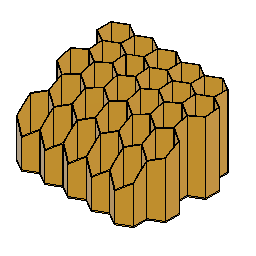
HEXAGON-10 (Autodesk Fusion 360 design; units mm, degrees)
Autodesk Fusion 360 part; units mm, degrees
note: some values were not read from the file. Set by a fixed rule: which sketch regions a step uses.
sketch "Sketch1" plane through (0, 0, 0) normal (0, 1, 0) x (1, 0, 0)
  line L0 (16, 9.2376) -> (0, 18.4752)
  line L1 (0, 18.4752) -> (-16, 9.2376)
  line L2 (-16, -9.2376) -> (0, -18.4752)
  line L3 (0, -18.4752) -> (16, -9.2376)
  line L4 (16, -9.2376) -> (16, 9.2376)
  line L5 (32, -18.4752) -> (48, -9.2376)
  line L6 (48, 9.2376) -> (32, 18.4752)
  line L7 (16, 9.2376) -> (16, -9.2376)
  line L8 (48, -9.2376) -> (48, 9.2376)
  line L9 (32, 18.4752) -> (16, 9.2376)
  line L10 (16, -9.2376) -> (32, -18.4752)
  line L11 (64, -18.4752) -> (80, -9.2376)
  line L12 (80, 9.2376) -> (64, 18.4752)
  line L13 (48, 9.2376) -> (48, -9.2376)
  line L14 (80, -9.2376) -> (80, 9.2376)
  line L15 (64, 18.4752) -> (48, 9.2376)
  line L16 (48, -9.2376) -> (64, -18.4752)
  line L17 (96, -18.4752) -> (112, -9.2376)
  line L18 (112, 9.2376) -> (96, 18.4752)
  line L19 (80, 9.2376) -> (80, -9.2376)
  line L20 (112, -9.2376) -> (112, 9.2376)
  line L21 (96, 18.4752) -> (80, 9.2376)
  line L22 (80, -9.2376) -> (96, -18.4752)
  line L23 (128, -18.4752) -> (144, -9.2376)
  line L24 (144, 9.2376) -> (128, 18.4752)
  line L25 (112, 9.2376) -> (112, -9.2376)
  line L26 (144, -8.7757) -> (144, 9.2376)
  line L27 (128, 18.4752) -> (112, 9.2376)
  line L28 (112, -9.2376) -> (128, -18.4752)
  line L29 (-16, 9.2376) -> (-16, -9.2376)
  line L30 (16, -9.2376) -> (0, -18.4752)
  line L31 (0, -18.4752) -> (0, -36.9504)
  line L32 (0, -36.9504) -> (16, -46.188)
  line L33 (16, -46.188) -> (32, -36.9504)
  line L34 (32, -36.9504) -> (32, -18.4752)
  line L35 (32, -18.4752) -> (16, -9.2376)
  line L36 (32, -18.4752) -> (32, -36.9504)
  line L37 (32, -36.9504) -> (48, -46.188)
  line L38 (48, -46.188) -> (64, -36.9504)
  line L39 (64, -36.9504) -> (64, -18.4752)
  line L40 (64, -18.4752) -> (48, -9.2376)
  line L41 (48, -9.2376) -> (32, -18.4752)
  line L42 (64, -18.4752) -> (64, -36.9504)
  line L43 (64, -36.9504) -> (80, -46.188)
  line L44 (80, -46.188) -> (96, -36.9504)
  line L45 (96, -36.9504) -> (96, -18.4752)
  line L46 (96, -18.4752) -> (80, -9.2376)
  line L47 (80, -9.2376) -> (64, -18.4752)
  line L48 (112, -9.2376) -> (96, -18.4752)
  line L49 (96, -18.4752) -> (96, -36.9504)
  line L50 (96, -36.9504) -> (112, -46.188)
  line L51 (112, -46.188) -> (128, -36.9504)
  line L52 (128, -36.9504) -> (128, -18.4752)
  line L53 (128, -18.4752) -> (112, -9.2376)
  line L54 (128, -18.4752) -> (128, -36.9504)
  line L55 (128, -36.9504) -> (144, -46.188)
  line L56 (144, -46.188) -> (160, -36.9504)
  line L57 (160, -36.9504) -> (160, -18.4752)
  line L58 (160, -18.4752) -> (144, -9.2376)
  line L59 (144, -9.2376) -> (128, -18.4752)
  line L60 (0, -36.9504) -> (-16, -46.188)
  line L61 (-16, -46.188) -> (-16, -64.6632)
  line L62 (-16, -64.6632) -> (0, -73.9008)
  line L63 (0, -73.9008) -> (16, -64.6632)
  line L64 (16, -64.6632) -> (16, -46.188)
  line L65 (16, -46.188) -> (0, -36.9504)
  line L66 (16, -46.188) -> (16, -64.6632)
  line L67 (16, -64.6632) -> (32, -73.9008)
  line L68 (32, -73.9008) -> (48, -64.6632)
  line L69 (48, -64.6632) -> (48, -46.188)
  line L70 (48, -46.188) -> (32, -36.9504)
  line L71 (32, -36.9504) -> (16, -46.188)
  line L72 (48, -64.6632) -> (64, -73.9008)
  line L73 (64, -73.9008) -> (80, -64.6632)
  line L74 (80, -64.6632) -> (80, -46.188)
  line L75 (80, -46.188) -> (64, -36.9504)
  line L76 (64, -36.9504) -> (48, -46.188)
  line L77 (48, -46.188) -> (48, -64.6632)
  line L78 (80, -64.6632) -> (96, -73.9008)
  line L79 (96, -73.9008) -> (112, -64.6632)
  line L80 (112, -64.6632) -> (112, -46.188)
  line L81 (112, -46.188) -> (96, -36.9504)
  line L82 (96, -36.9504) -> (80, -46.188)
  line L83 (80, -46.188) -> (80, -64.6632)
  line L84 (112, -64.6632) -> (128, -73.9008)
  line L85 (128, -73.9008) -> (144, -64.6632)
  line L86 (144, -64.6632) -> (144, -46.188)
  line L87 (144, -46.188) -> (128, -36.9504)
  line L88 (128, -36.9504) -> (112, -46.188)
  line L89 (112, -46.188) -> (112, -64.6632)
  line L90 (0, -73.9008) -> (0, -92.376)
  line L91 (0, -92.376) -> (16, -101.6136)
  line L92 (16, -101.6136) -> (32, -92.376)
  line L93 (32, -92.376) -> (32, -73.9008)
  line L94 (32, -73.9008) -> (16, -64.6632)
  line L95 (16, -64.6632) -> (0, -73.9008)
  line L96 (32, -73.9008) -> (32, -92.376)
  line L97 (32, -92.376) -> (48, -101.6136)
  line L98 (48, -101.6136) -> (64, -92.376)
  line L99 (64, -92.376) -> (64, -73.9008)
  line L100 (64, -73.9008) -> (48, -64.6632)
  line L101 (48, -64.6632) -> (32, -73.9008)
  line L102 (64, -92.376) -> (80, -101.6136)
  line L103 (80, -101.6136) -> (96, -92.376)
  line L104 (96, -92.376) -> (96, -73.9008)
  line L105 (96, -73.9008) -> (80, -64.6632)
  line L106 (80, -64.6632) -> (64, -73.9008)
  line L107 (64, -73.9008) -> (64, -92.376)
  line L108 (96, -92.376) -> (112, -101.6136)
  line L109 (112, -101.6136) -> (128, -92.376)
  line L110 (128, -92.376) -> (128, -73.9008)
  line L111 (128, -73.9008) -> (112, -64.6632)
  line L112 (112, -64.6632) -> (96, -73.9008)
  line L113 (96, -73.9008) -> (96, -92.376)
  line L114 (128, -92.376) -> (128, -73.9008)
  line L115 (128, -73.9008) -> (112, -64.6632)
  line L116 (112, -64.6632) -> (96, -73.9008)
  line L117 (96, -73.9008) -> (96, -92.376)
  line L118 (96, -92.376) -> (112, -101.6136)
  line L119 (112, -101.6136) -> (128, -92.376)
  line L120 (16, -101.6136) -> (0, -92.376)
  line L121 (0, -92.376) -> (-16, -101.6136)
  line L122 (-16, -101.6136) -> (-16, -120.0889)
  line L123 (-16, -120.0889) -> (0, -129.3265)
  line L124 (0, -129.3265) -> (16, -120.0889)
  line L125 (16, -120.0889) -> (16, -101.6136)
  line L126 (16, -101.6136) -> (16, -120.0889)
  line L127 (16, -120.0889) -> (32, -129.3265)
  line L128 (32, -129.3265) -> (48, -120.0889)
  line L129 (48, -120.0889) -> (48, -101.6136)
  line L130 (48, -101.6136) -> (32, -92.376)
  line L131 (32, -92.376) -> (16, -101.6136)
  line L132 (48, -120.0889) -> (64, -129.3265)
  line L133 (64, -129.3265) -> (80, -120.0889)
  line L134 (80, -120.0889) -> (80, -101.6136)
  line L135 (80, -101.6136) -> (64, -92.376)
  line L136 (64, -92.376) -> (48, -101.6136)
  line L137 (48, -101.6136) -> (48, -120.0889)
  line L138 (80, -101.6136) -> (80, -120.0889)
  line L139 (80, -120.0889) -> (96, -129.3265)
  line L140 (96, -129.3265) -> (112, -120.0889)
  line L141 (112, -120.0889) -> (112, -101.6136)
  line L142 (112, -101.6136) -> (96, -92.376)
  line L143 (96, -92.376) -> (80, -101.6136)
  line L144 (112, -101.6136) -> (112, -120.0889)
  line L145 (112, -120.0889) -> (128, -129.3265)
  line L146 (128, -129.3265) -> (144, -120.0889)
  line L147 (144, -120.0889) -> (144, -101.6136)
  line L148 (144, -101.6136) -> (128, -92.376)
  line L149 (128, -92.376) -> (112, -101.6136)
  line L150 (144, -64.6632) -> (128, -73.9008)
  line L151 (128, -73.9008) -> (128, -92.376)
  line L152 (128, -92.376) -> (144, -101.6136)
  line L153 (144, -101.6136) -> (160, -92.376)
  line L154 (160, -92.376) -> (160, -73.9008)
  line L155 (160, -73.9008) -> (144, -64.6632)
  line L156 (-16.8, 9.6995) -> (-16.8, -9.6995)
  line L157 (-16.8, -9.6995) -> (-0.8, -18.9371)
  line L158 (-0.8, -18.9371) -> (-0.8, -36.4885)
  line L159 (-0.8, -36.4885) -> (-16.8, -45.7261)
  line L160 (-16.8, -45.7261) -> (-16.8, -65.1251)
  line L161 (-16.8, -65.1251) -> (-0.8, -74.3627)
  line L162 (-0.8, -74.3627) -> (-0.8, -91.9142)
  line L163 (-0.8, -91.9142) -> (-16.8, -101.1518)
  line L164 (-16.8, -101.1518) -> (-16.8, -120.5507)
  line L165 (-16.8, -120.5507) -> (0, -130.2502)
  line L166 (0, -130.2502) -> (16, -121.0126)
  line L167 (16, -121.0126) -> (32, -130.2502)
  line L168 (32, -130.2502) -> (48, -121.0126)
  line L169 (48, -121.0126) -> (64, -130.2502)
  line L170 (64, -130.2502) -> (80, -121.0126)
  line L171 (80, -121.0126) -> (96, -130.2502)
  line L172 (96, -130.2502) -> (112, -121.0126)
  line L173 (112, -121.0126) -> (128, -130.2502)
  line L174 (128, -130.2502) -> (144.8, -120.5507)
  line L175 (144.8, -120.5507) -> (144.8, -102.0755)
  line L176 (144.8, -102.0755) -> (160.8, -92.8379)
  line L177 (160.8, -92.8379) -> (160.8, -73.439)
  line L178 (160.8, -73.439) -> (144.8, -64.2013)
  line L179 (144.8, -64.2013) -> (144.8, -46.6499)
  line L180 (144.8, -46.6499) -> (160.8, -37.4123)
  line L181 (160.8, -37.4123) -> (160.8, -18.0133)
  line L182 (160.8, -18.0133) -> (144.8, -8.7757)
  line L183 (144.8, -8.7757) -> (144.8, 9.6995)
  line L184 (144.8, 9.6995) -> (128, 19.399)
  line L185 (128, 19.399) -> (112, 10.1614)
  line L186 (112, 10.1614) -> (96, 19.399)
  line L187 (96, 19.399) -> (80, 10.1614)
  line L188 (80, 10.1614) -> (64, 19.399)
  line L189 (64, 19.399) -> (48, 10.1614)
  line L190 (48, 10.1614) -> (32, 19.399)
  line L191 (32, 19.399) -> (16, 10.1614)
  line L192 (16, 10.1614) -> (0, 19.399)
  line L193 (0, 19.399) -> (-16.8, 9.6995)
  line L194 (15.6, -9.0067) -> (15.6, 9.4685)
  line L195 (15.6, -9.0067) -> (-0.4, -18.2443)
  line L196 (32.4, -18.2443) -> (16.4, -9.0067)
  line L197 (16.4, -9.0067) -> (16.4, 9.4685)
  line L198 (48.4, -9.0067) -> (48.4, 9.4685)
  line L199 (48.4, -9.0067) -> (64.2, -18.1288)
  line L200 (47.6, -9.4685) -> (47.6, 9.4685)
  line L201 (63.8, -18.1288) -> (79.6, -9.0067)
  line L202 (79.6, -9.0067) -> (79.6, 9.4685)
  line L203 (96.2, -18.1288) -> (80.4, -9.0067)
  line L204 (80.4, -9.0067) -> (80.4, 9.4685)
  line L205 (111.6, 9.4685) -> (111.6, -9.0067)
  line L206 (111.6, -9.0067) -> (95.8, -18.1288)
  line L207 (112.4, 9.4685) -> (112.4, -9.0067)
  line L208 (112.4, -9.0067) -> (128, -18.0133)
  line L209 (144, -8.7757) -> (128, -18.0133)
  line L210 (32.4, -18.7061) -> (32.4, -36.7195)
  line L211 (32.4, -36.7195) -> (48, -45.7261)
  line L212 (48, -45.7261) -> (63.6, -36.7195)
  line L213 (63.6, -36.7195) -> (63.6, -18.7061)
  line L214 (63.6, -18.7061) -> (48, -9.6995)
  line L215 (48, -9.6995) -> (32.4, -18.7061)
  line L216 (16, -45.7261) -> (0, -36.4885)
  line L217 (16, -45.7261) -> (31.6, -36.7195)
  line L218 (31.6, -18.7061) -> (31.6, -36.7195)
  line L219 (31.6, -18.7061) -> (16, -9.6995)
  line L220 (16, -9.6995) -> (0, -18.9371)
  line L221 (80, -9.6995) -> (64.4, -18.7061)
  line L222 (64.4, -36.7195) -> (64.4, -18.7061)
  line L223 (64.4, -36.7195) -> (80, -45.7261)
  line L224 (95.6, -36.7195) -> (80, -45.7261)
  line L225 (95.6, -18.7061) -> (95.6, -36.7195)
  line L226 (95.6, -18.7061) -> (80, -9.6995)
  line L227 (96.4, -36.7195) -> (96.4, -18.7061)
  line L228 (112, -9.6995) -> (96.4, -18.7061)
  line L229 (112, -9.6995) -> (127.6, -18.7061)
  line L230 (127.6, -36.7195) -> (127.6, -18.7061)
  line L231 (112, -45.7261) -> (127.6, -36.7195)
  line L232 (112, -45.7261) -> (96.4, -36.7195)
  line L233 (144.4, -9.4685) -> (128.4, -18.7061)
  line L234 (128.4, -36.7195) -> (128.4, -18.7061)
  line L235 (128.4, -36.7195) -> (144.4, -45.9571)
  line L236 (15.6, -46.419) -> (15.6, -64.4323)
  line L237 (15.6, -64.4323) -> (-0.4, -73.6699)
  line L238 (32, -73.439) -> (47.6, -64.4323)
  line L239 (47.6, -64.4323) -> (47.6, -46.419)
  line L240 (47.6, -46.419) -> (32, -37.4123)
  line L241 (16.4, -46.419) -> (32, -37.4123)
  line L242 (16.4, -46.419) -> (16.4, -64.4323)
  line L243 (32, -73.439) -> (16.4, -64.4323)
  line L244 (48.4, -64.4323) -> (48.4, -46.419)
  line L245 (64, -37.4123) -> (48.4, -46.419)
  line L246 (64, -37.4123) -> (79.6, -46.419)
  line L247 (79.6, -64.4323) -> (79.6, -46.419)
  line L248 (64, -73.439) -> (79.6, -64.4323)
  line L249 (64, -73.439) -> (48.4, -64.4323)
  line L250 (111.6, -46.419) -> (96, -37.4123)
  line L251 (80.4, -46.419) -> (96, -37.4123)
  line L252 (80.4, -46.419) -> (80.4, -64.4323)
  line L253 (80.4, -64.4323) -> (96, -73.439)
  line L254 (96, -73.439) -> (111.6, -64.4323)
  line L255 (111.6, -64.4323) -> (111.6, -46.419)
  line L256 (144, -46.6499) -> (128, -37.4123)
  line L257 (112.4, -46.419) -> (128, -37.4123)
  line L258 (112.4, -64.4323) -> (112.4, -46.419)
  line L259 (128, -73.439) -> (112.4, -64.4323)
  line L260 (144, -64.2013) -> (128, -73.439)
  line L261 (0, -91.9142) -> (16, -101.1518)
  line L262 (31.6, -92.1451) -> (16, -101.1518)
  line L263 (31.6, -92.1451) -> (31.6, -74.1318)
  line L264 (16, -65.1251) -> (31.6, -74.1318)
  line L265 (0, -74.3627) -> (16, -65.1251)
  line L266 (48, -65.1251) -> (32.4, -74.1318)
  line L267 (32.4, -74.1318) -> (32.4, -92.1451)
  line L268 (48, -101.1518) -> (32.4, -92.1451)
  line L269 (63.6, -92.1451) -> (48, -101.1518)
  line L270 (63.6, -74.1318) -> (63.6, -92.1451)
  line L271 (63.6, -74.1318) -> (48, -65.1251)
  line L272 (80, -65.1251) -> (95.6, -74.1318)
  line L273 (95.6, -74.1318) -> (95.6, -92.1451)
  line L274 (95.6, -92.1451) -> (80, -101.1518)
  line L275 (64.4, -92.1451) -> (80, -101.1518)
  line L276 (64.4, -74.1318) -> (64.4, -92.1451)
  line L277 (80, -65.1251) -> (64.4, -74.1318)
  line L278 (112, -65.1251) -> (96.4, -74.1318)
  line L279 (96.4, -92.1451) -> (96.4, -74.1318)
  line L280 (96.4, -92.1451) -> (112, -101.1518)
  line L281 (127.6, -92.1451) -> (112, -101.1518)
  line L282 (127.6, -92.1451) -> (127.6, -74.1318)
  line L283 (112, -65.1251) -> (127.6, -74.1318)
  line L284 (144.4, -64.8942) -> (128.4, -74.1318)
  line L285 (128.4, -92.1451) -> (128.4, -74.1318)
  line L286 (128.4, -92.1451) -> (144.4, -101.3827)
  line L287 (-0.4, -92.607) -> (15.6, -101.8446)
  line L288 (15.6, -101.8446) -> (15.6, -120.3198)
  line L289 (47.6, -120.3198) -> (47.6, -101.8446)
  line L290 (47.6, -101.8446) -> (32, -92.8379)
  line L291 (16.4, -101.8446) -> (32, -92.8379)
  line L292 (16.4, -101.8446) -> (16.4, -120.3198)
  line L293 (79.6, -120.3198) -> (79.6, -101.8446)
  line L294 (64, -92.8379) -> (79.6, -101.8446)
  line L295 (64, -92.8379) -> (48.4, -101.8446)
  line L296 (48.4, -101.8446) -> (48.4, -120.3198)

* Try it: Output the lines above between the one holding "line L207 (112.4, 9.4685)" and the one holding "line L230 (127.6, -36.7195)", inclusive, with nothing before or after them.

* Exercise output:
  line L207 (112.4, 9.4685) -> (112.4, -9.0067)
  line L208 (112.4, -9.0067) -> (128, -18.0133)
  line L209 (144, -8.7757) -> (128, -18.0133)
  line L210 (32.4, -18.7061) -> (32.4, -36.7195)
  line L211 (32.4, -36.7195) -> (48, -45.7261)
  line L212 (48, -45.7261) -> (63.6, -36.7195)
  line L213 (63.6, -36.7195) -> (63.6, -18.7061)
  line L214 (63.6, -18.7061) -> (48, -9.6995)
  line L215 (48, -9.6995) -> (32.4, -18.7061)
  line L216 (16, -45.7261) -> (0, -36.4885)
  line L217 (16, -45.7261) -> (31.6, -36.7195)
  line L218 (31.6, -18.7061) -> (31.6, -36.7195)
  line L219 (31.6, -18.7061) -> (16, -9.6995)
  line L220 (16, -9.6995) -> (0, -18.9371)
  line L221 (80, -9.6995) -> (64.4, -18.7061)
  line L222 (64.4, -36.7195) -> (64.4, -18.7061)
  line L223 (64.4, -36.7195) -> (80, -45.7261)
  line L224 (95.6, -36.7195) -> (80, -45.7261)
  line L225 (95.6, -18.7061) -> (95.6, -36.7195)
  line L226 (95.6, -18.7061) -> (80, -9.6995)
  line L227 (96.4, -36.7195) -> (96.4, -18.7061)
  line L228 (112, -9.6995) -> (96.4, -18.7061)
  line L229 (112, -9.6995) -> (127.6, -18.7061)
  line L230 (127.6, -36.7195) -> (127.6, -18.7061)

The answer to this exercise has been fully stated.